British Prime Minister Theresa May’s remarks at the Gulf Cooperation Council summit about the need to “push back against Iran’s aggressive” actions in the Middle East have provoked angry reactions and threats from Iranian leaders.
Speaking to leaders of the G.C.C. states in Bahrain, May said she was “clear-eyed” about Iran’s destabilizing role in the region, and emphasized that the United Kingdom wanted to “make a more permanent and more enduring commitment to the long-term security of the Gulf” – including about $3.8 billion in defense spending in the region over the next decade. She also called for closer trade ties between the United Kingdom and the G.C.C countries.
Iranian leaders and media outlets interpreted May’s comments as part of Great Britain’s efforts to reassert its role in the Middle East.
Bahram Qassemi, Iran’s foreign ministry spokesman, said the United Kingdom “has yet again resorted to divisive policies to return to the region” – an approach he called “counterproductive.”
Alaeddin Boroujerdi, chairman of the Iranian Parliament’s National Security and Foreign Policy Committee, warned that the parliament might consider downgrading diplomatic ties with the United Kingdom. “The British prime minister’s remarks are not compatible with ambassador-level relations,” he opined. Tehran and London restored full diplomatic relations in September. The two countries had recalled their ambassadors in 2011 after Iranian paramilitary forces stormed the British embassy in Tehran.
A lengthy analysis in Tabnak, a website affiliated with former head of the Islamic Revolution Guards Corps Mohsen Rezaei, reasoned that President-elect Donald Trump’s likely isolationist foreign policy would create a vacuum in the Middle East and allow other global actors such as the United Kingdom to step in.
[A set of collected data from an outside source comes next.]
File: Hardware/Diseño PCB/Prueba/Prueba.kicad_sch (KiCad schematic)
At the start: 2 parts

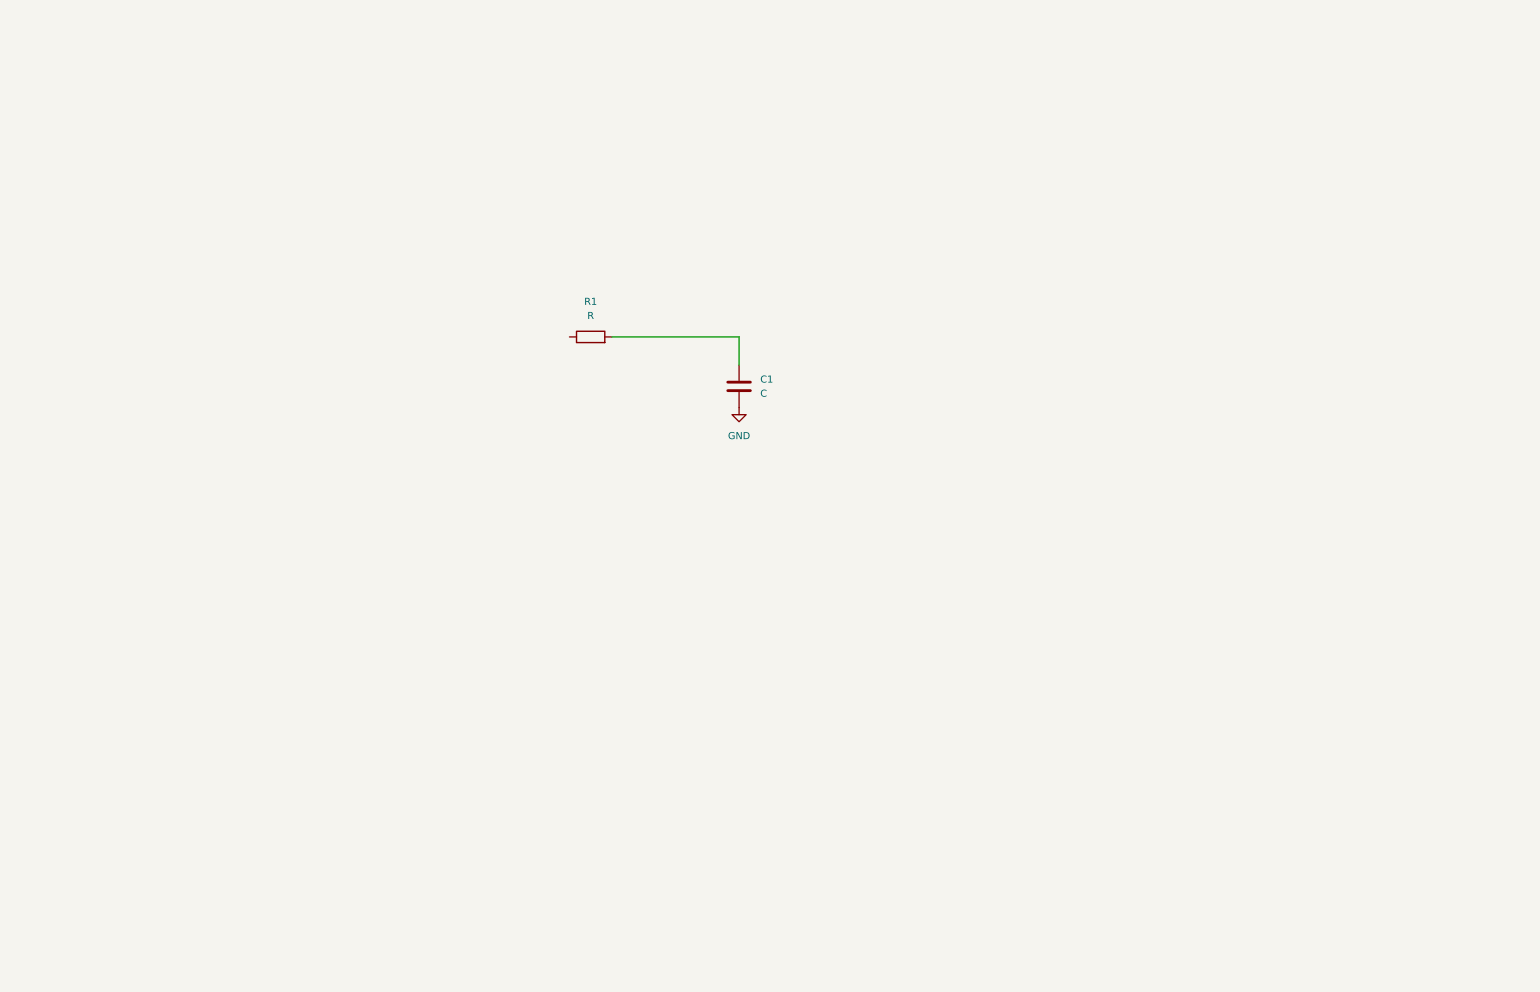
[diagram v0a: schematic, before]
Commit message: Arreglo pares diferenciales en el esquematico
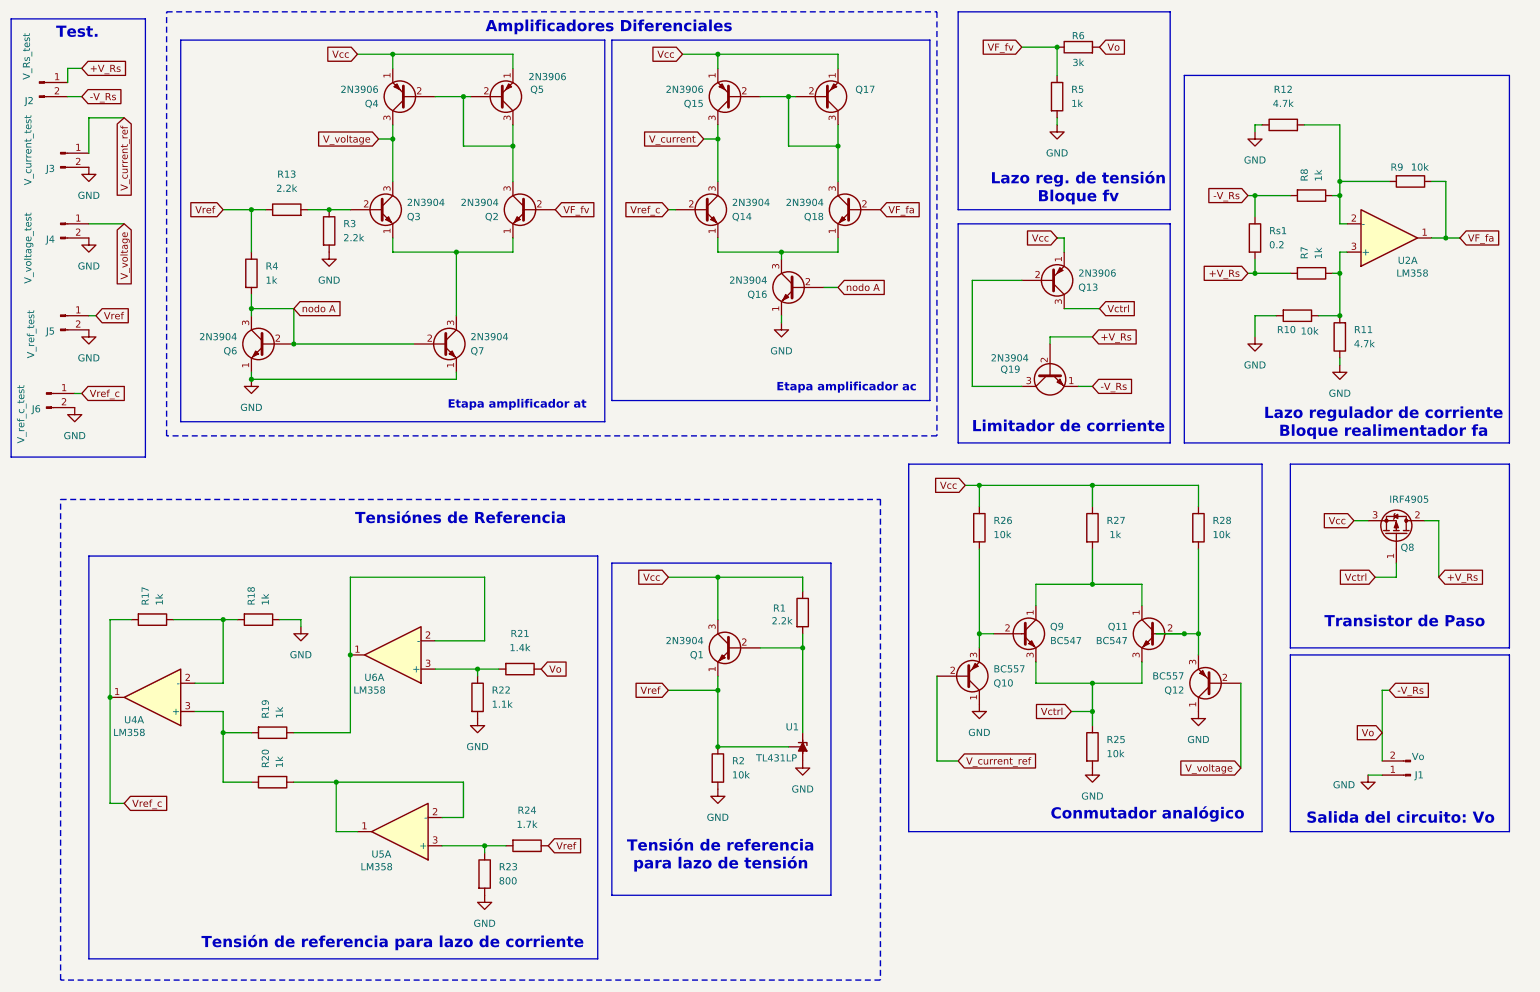
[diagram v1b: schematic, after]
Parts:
- removed C1: C, symbol Device:C
- added J1: Vo, symbol Connector:Conn_01x02_Pin
- added J2: V_Rs_test, symbol Connector:Conn_01x02_Pin
- added J3: V_current_test, symbol Connector:Conn_01x02_Pin
- added J4: V_voltage_test, symbol Connector:Conn_01x02_Pin
- added J5: V_ref_test, symbol Connector:Conn_01x02_Pin
- added J6: V_ref_c_test, symbol Connector:Conn_01x02_Pin
- added Q1, Q14, Q16, Q18, Q19, Q2, Q3, Q6, Q7: 2N3904, Package_TO_SOT_THT:TO-92_Inline, symbol Transistor_BJT:2N3904
- added Q10, Q12: BC557, Package_TO_SOT_THT:TO-92_Inline, symbol Transistor_BJT:BC557
- added Q11, Q9: BC547, Package_TO_SOT_THT:TO-92_Inline, symbol Transistor_BJT:BC547
- added Q13, Q15, Q17, Q4, Q5: 2N3906, Package_TO_SOT_THT:TO-92_Inline, symbol Transistor_BJT:2N3906
- added Q8: IRF4905, Package_TO_SOT_THT:TO-220-3_Vertical, symbol Transistor_FET:IRF4905
- added R10, R2, R25, R26, R28, R9: 10k, symbol Device:R
- added R11, R12: 4.7k, symbol Device:R
- added R13, R3: 2.2k, symbol Device:R
- added R17, R18, R19, R20, R27, R4, R5, R7, R8: 1k, symbol Device:R
- added R21: 1.4k, symbol Device:R
- added R22: 1.1k, symbol Device:R
- added R23: 800, symbol Device:R
- added R24: 1.7k, symbol Device:R
- added R6: 3k, symbol Device:R
- added Rs1: 0.2, symbol Device:R
- added U1: TL431LP, Package_TO_SOT_THT:TO-92_Inline, symbol Reference_Voltage:TL431LP
- added U2, U4, U5, U6: LM358, symbol Amplifier_Operational:LM358
- R1: value R -> 2.2k
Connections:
- net GND: now also J1.1 (Pin_1), J3.2 (Pin_2), J4.2 (Pin_2), J5.2 (Pin_2), J6.2 (Pin_2), Q10.1 (C), Q12.1 (C), Q16.1 (E), Q6.1 (E), Q7.1 (E), R10.2, R11.1, R12.1, R18.1, R2.2, R22.2, R23.2, R25.2, R3.2, R5.2, U1.2 (A)
- net Vcc: now reaches R1.1
- net Vcc: now also Q1.3 (C), Q13.1 (E), Q15.1 (E), Q17.1 (E), Q4.1 (E), Q5.1 (E), Q8.3 (S), R26.1, R27.1, R28.1
- net at R1.2: now also Q1.2 (B), U1.3 (K)
- new net: R12.2, R8.1, R9.2, U2.2 (-)
- new net: R10.1, R11.2, R7.1, U2.3 (+)
- new net: R19.1, U6.1, U6.2 (-)
- new net: R21.2, R22.1, U6.3 (+)
- new net: Q2.1 (E), Q3.1 (E), Q7.3 (C)
- new net: Q2.3 (C), Q4.2 (B), Q5.2 (B), Q5.3 (C)
- new net: Q11.2 (B), Q12.3 (E), R28.2
- new net: Q15.2 (B), Q17.2 (B), Q17.3 (C), Q18.3 (C)
- new net: Q13.2 (B), Q19.3 (C)
- new net: Q14.1 (E), Q16.3 (C), Q18.1 (E)
- new net: Q3.2 (B), R13.2, R3.1
- new net: R23.1, R24.2, U5.3 (+)
- new net: R20.1, U5.1, U5.2 (-)
- new net: Q11.1 (C), Q9.1 (C), R27.2
- new net: Q10.3 (E), Q9.2 (B), R26.2
- new net: R19.2, R20.2, U4.3 (+)
- new net: R17.1, R18.2, U4.2 (-)
- new net +V_Rs: J2.1 (Pin_1), Q19.2 (B), Q8.2 (D), R7.2, Rs1.2
- new net -V_Rs: J1.2 (Pin_2), J2.2 (Pin_2), Q19.1 (E), R21.1, R6.2, R8.2, Rs1.1
- new net VF_fa: Q18.2 (B), R9.1, U2.1
- new net VF_fv: Q2.2 (B), R5.1, R6.1
- new net V_current: Q14.3 (C), Q15.3 (C)
- new net V_current_ref: J3.1 (Pin_1), Q10.2 (B)
- new net V_voltage: J4.1 (Pin_1), Q12.2 (B), Q3.3 (C), Q4.3 (C)
- new net Vctrl: Q11.3 (E), Q13.3 (C), Q8.1 (G), Q9.3 (E), R25.1
- new net Vref: J5.1 (Pin_1), Q1.1 (E), R13.1, R2.1, R24.1, R4.1, U1.1 (REF)
- new net Vref_c: J6.1 (Pin_1), Q14.2 (B), R17.2, U4.1
- new net nodo A: Q16.2 (B), Q6.2 (B), Q6.3 (C), Q7.2 (B), R4.2
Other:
- note added: "Amplificadores Diferenciales"
- note added: "Conmutador analógico"
- note added: "Etapa amplificador ac"
- note added: "Etapa amplificador at"
- note added: "Lazo reg. de tensión Bloque fv"
- note added: "Lazo regulador de corriente Bloque realimentador fa"
- note added: "Limitador de corriente"
- note added: "Salida del circuito: Vo"
- note added: "Tensión de referencia para lazo de corriente"
- note added: "Tensión de referencia para lazo de tensión"
- note added: "Tensiónes de Referencia"
- note added: "Test."
- note added: "Transistor de Paso"
- company: (none) -> Grupo 7 - TA137
- title: (none) -> Regulador de baja caída (LDO,Low Dropout Regulator) 

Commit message: Planilla de compras actualizada, hojas de datos
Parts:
- J1, J2, J3, J4, J5, J6: footprint (none) -> Connector_PinHeader_2.00mm:PinHeader_1x01_P2.00mm_Vertical
- R1, R10, R11, R12, R13, R17, R18, R19, R2, R20, R21, R22, R23, R24, R25, R26, R27, R28, R3, R4, R5, R6, R7, R8, R9, Rs1: footprint (none) -> Resistor_THT:R_Axial_DIN0204_L3.6mm_D1.6mm_P7.62mm_Horizontal
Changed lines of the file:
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@@
 			)
 		)
-		(property "Footprint" ""
+		(property "Footprint" "Resistor_THT:R_Axial_DIN0204_L3.6mm_D1.6mm_P7.62mm_Horizontal"
 			(at 254.508 72.39 90)
 			(hide yes)
@@
 			)
 		)
-		(property "Footprint" ""
+		(property "Footprint" "Resistor_THT:R_Axial_DIN0204_L3.6mm_D1.6mm_P7.62mm_Horizontal"
 			(at 242.57 36.068 90)
 			(hide yes)
@@
 			)
 		)
-		(property "Footprint" ""
+		(property "Footprint" "Resistor_THT:R_Axial_DIN0204_L3.6mm_D1.6mm_P7.62mm_Horizontal"
 			(at 247.65 59.182 90)
 			(hide yes)
@@
 			)
 		)
-		(property "Footprint" ""
+		(property "Footprint" "Resistor_THT:R_Axial_DIN0204_L3.6mm_D1.6mm_P7.62mm_Horizontal"
 			(at 225.552 106.68 90)
 			(hide yes)
@@
 			)
 		)
-		(property "Footprint" ""
+		(property "Footprint" "Resistor_THT:R_Axial_DIN0204_L3.6mm_D1.6mm_P7.62mm_Horizontal"
 			(at 235.712 54.61 90)
 			(hide yes)
@@
 			)
 		)
-		(property "Footprint" ""
+		(property "Footprint" "Connector_PinHeader_2.00mm:PinHeader_1x01_P2.00mm_Vertical"
 			(at 22.86 39.37 0)
 			(hide yes)
@@
 			)
 		)
-		(property "Footprint" ""
+		(property "Footprint" "Resistor_THT:R_Axial_DIN0204_L3.6mm_D1.6mm_P7.62mm_Horizontal"
 			(at 205.74 22.098 90)
 			(hide yes)
@@
 			)
 		)
-		(property "Footprint" ""
+		(property "Footprint" "Resistor_THT:R_Axial_DIN0204_L3.6mm_D1.6mm_P7.62mm_Horizontal"
 			(at 63.5 51.308 90)
 			(hide yes)
@@
 			)
 		)
-		(property "Footprint" ""
+		(property "Footprint" "Resistor_THT:R_Axial_DIN0204_L3.6mm_D1.6mm_P7.62mm_Horizontal"
 			(at 154.432 121.92 90)
 			(hide yes)
@@
 			)
 		)
-		(property "Footprint" ""
+		(property "Footprint" "Resistor_THT:R_Axial_DIN0204_L3.6mm_D1.6mm_P7.62mm_Horizontal"
 			(at 106.68 162.052 90)
 			(hide yes)
@@
 			)
 		)
-		(property "Footprint" ""
+		(property "Footprint" "Resistor_THT:R_Axial_DIN0204_L3.6mm_D1.6mm_P7.62mm_Horizontal"
 			(at 206.502 146.05 90)
 			(hide yes)
@@
 			)
 		)
-		(property "Footprint" ""
+		(property "Footprint" "Connector_PinHeader_2.00mm:PinHeader_1x01_P2.00mm_Vertical"
 			(at 265.43 151.13 0)
 			(hide yes)
@@
 			)
 		)
-		(property "Footprint" ""
+		(property "Footprint" "Resistor_THT:R_Axial_DIN0204_L3.6mm_D1.6mm_P7.62mm_Horizontal"
 			(at 105.41 130.302 90)
 			(hide yes)
@@
 			)
 		)
-		(property "Footprint" ""
+		(property "Footprint" "Resistor_THT:R_Axial_DIN0204_L3.6mm_D1.6mm_P7.62mm_Horizontal"
 			(at 206.502 106.68 90)
 			(hide yes)
@@
 			)
 		)
-		(property "Footprint" ""
+		(property "Footprint" "Resistor_THT:R_Axial_DIN0204_L3.6mm_D1.6mm_P7.62mm_Horizontal"
 			(at 265.43 42.672 90)
 			(hide yes)
@@
 			)
 		)
-		(property "Footprint" ""
+		(property "Footprint" "Connector_PinHeader_2.00mm:PinHeader_1x01_P2.00mm_Vertical"
 			(at 22.86 52.07 0)
 			(hide yes)
@@
 			)
 		)
-		(property "Footprint" ""
+		(property "Footprint" "Resistor_THT:R_Axial_DIN0204_L3.6mm_D1.6mm_P7.62mm_Horizontal"
 			(at 186.182 106.68 90)
 			(hide yes)
@@
 			)
 		)
-		(property "Footprint" ""
+		(property "Footprint" "Connector_PinHeader_2.00mm:PinHeader_1x01_P2.00mm_Vertical"
 			(at 20.32 82.55 0)
 			(hide yes)
@@
 			)
 		)
-		(property "Footprint" ""
+		(property "Footprint" "Resistor_THT:R_Axial_DIN0204_L3.6mm_D1.6mm_P7.62mm_Horizontal"
 			(at 96.012 137.16 90)
 			(hide yes)
@@
 			)
 		)
-		(property "Footprint" ""
+		(property "Footprint" "Connector_PinHeader_2.00mm:PinHeader_1x01_P2.00mm_Vertical"
 			(at 19.05 26.67 0)
 			(hide yes)
@@
 			)
 		)
-		(property "Footprint" ""
+		(property "Footprint" "Resistor_THT:R_Axial_DIN0204_L3.6mm_D1.6mm_P7.62mm_Horizontal"
 			(at 60.96 141.732 90)
 			(hide yes)
@@
 			)
 		)
-		(property "Footprint" ""
+		(property "Footprint" "Resistor_THT:R_Axial_DIN0204_L3.6mm_D1.6mm_P7.62mm_Horizontal"
 			(at 69.342 53.34 90)
 			(hide yes)
@@
 			)
 		)
-		(property "Footprint" ""
+		(property "Footprint" "Resistor_THT:R_Axial_DIN0204_L3.6mm_D1.6mm_P7.62mm_Horizontal"
 			(at 247.65 45.212 90)
 			(hide yes)
@@
 			)
 		)
-		(property "Footprint" ""
+		(property "Footprint" "Resistor_THT:R_Axial_DIN0204_L3.6mm_D1.6mm_P7.62mm_Horizontal"
 			(at 97.282 168.91 90)
 			(hide yes)
@@
 			)
 		)
-		(property "Footprint" ""
+		(property "Footprint" "Resistor_THT:R_Axial_DIN0204_L3.6mm_D1.6mm_P7.62mm_Horizontal"
 			(at 139.192 149.86 90)
 			(hide yes)
@@
 			)
 		)
-		(property "Footprint" ""
+		(property "Footprint" "Resistor_THT:R_Axial_DIN0204_L3.6mm_D1.6mm_P7.62mm_Horizontal"
 			(at 245.11 66.802 90)
 			(hide yes)
@@
 			)
 		)
-		(property "Footprint" ""
+		(property "Footprint" "Resistor_THT:R_Axial_DIN0204_L3.6mm_D1.6mm_P7.62mm_Horizontal"
 			(at 58.42 121.412 90)
 			(hide yes)
@@
 			)
 		)
-		(property "Footprint" ""
+		(property "Footprint" "Resistor_THT:R_Axial_DIN0204_L3.6mm_D1.6mm_P7.62mm_Horizontal"
 			(at 60.96 150.622 90)
 			(hide yes)
@@
 			)
 		)
-		(property "Footprint" ""
+		(property "Footprint" "Resistor_THT:R_Axial_DIN0204_L3.6mm_D1.6mm_P7.62mm_Horizontal"
 			(at 55.372 60.96 90)
 			(hide yes)
@@
 			)
 		)
-		(property "Footprint" ""
+		(property "Footprint" "Resistor_THT:R_Axial_DIN0204_L3.6mm_D1.6mm_P7.62mm_Horizontal"
 			(at 39.37 121.412 90)
 			(hide yes)
@@
 			)
 		)
-		(property "Footprint" ""
+		(property "Footprint" "Resistor_THT:R_Axial_DIN0204_L3.6mm_D1.6mm_P7.62mm_Horizontal"
 			(at 200.152 29.21 90)
 			(hide yes)
@@
 			)
 		)
-		(property "Footprint" ""
+		(property "Footprint" "Connector_PinHeader_2.00mm:PinHeader_1x01_P2.00mm_Vertical"
 			(at 22.86 68.58 0)
 			(hide yes)

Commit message: huellas de componentes ok
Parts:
- removed U4, U5, U6: LM358, symbol Amplifier_Operational:LM358
- added unit 3 of U2
- added unit 2 of U2
- added U3: LM358, Package_DIP:DIP-8_W7.62mm, symbol Amplifier_Operational:LM358
- U2: footprint (none) -> Package_DIP:DIP-8_W7.62mm
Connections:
- net Vref_c: now also U3.7
- net at R12.2, R8.1, R9.2: now also U2.3 (+); no longer U2.2 (-)
- net at R10.1, R11.2, R7.1: now also U2.2 (-); no longer U2.3 (+)
- net at R19.1: now also U2.6 (-), U2.7
- net at R21.2, R22.1: now also U2.5 (+)
- net at R23.1, R24.2: now also U3.3 (+)
- net at R20.1: now also U3.1, U3.2 (-)
- net at R19.2, R20.2: now also U3.5 (+)
- net at R17.1, R18.2: now also U3.6 (-)

The article also noted that Great Britain wanted to sell more arms to G.C.C. states to offset potential economic losses from the country’s exit from the European Union.
The front-page editorial of Kayhan, an ultra-conservative newspaper whose editor-in-chief is appointed by Supreme Leader Ali Khamenei, criticized the government of President Hassan Rouhani for signing an energy deal on December 7 with the Royal Dutch Shell, ignoring the Britain’s hostile policies toward Iran. The article also questioned the government’s wisdom to rely on European powers to pressure the incoming Trump administration into remaining committed to the 2015 Iran nuclear deal.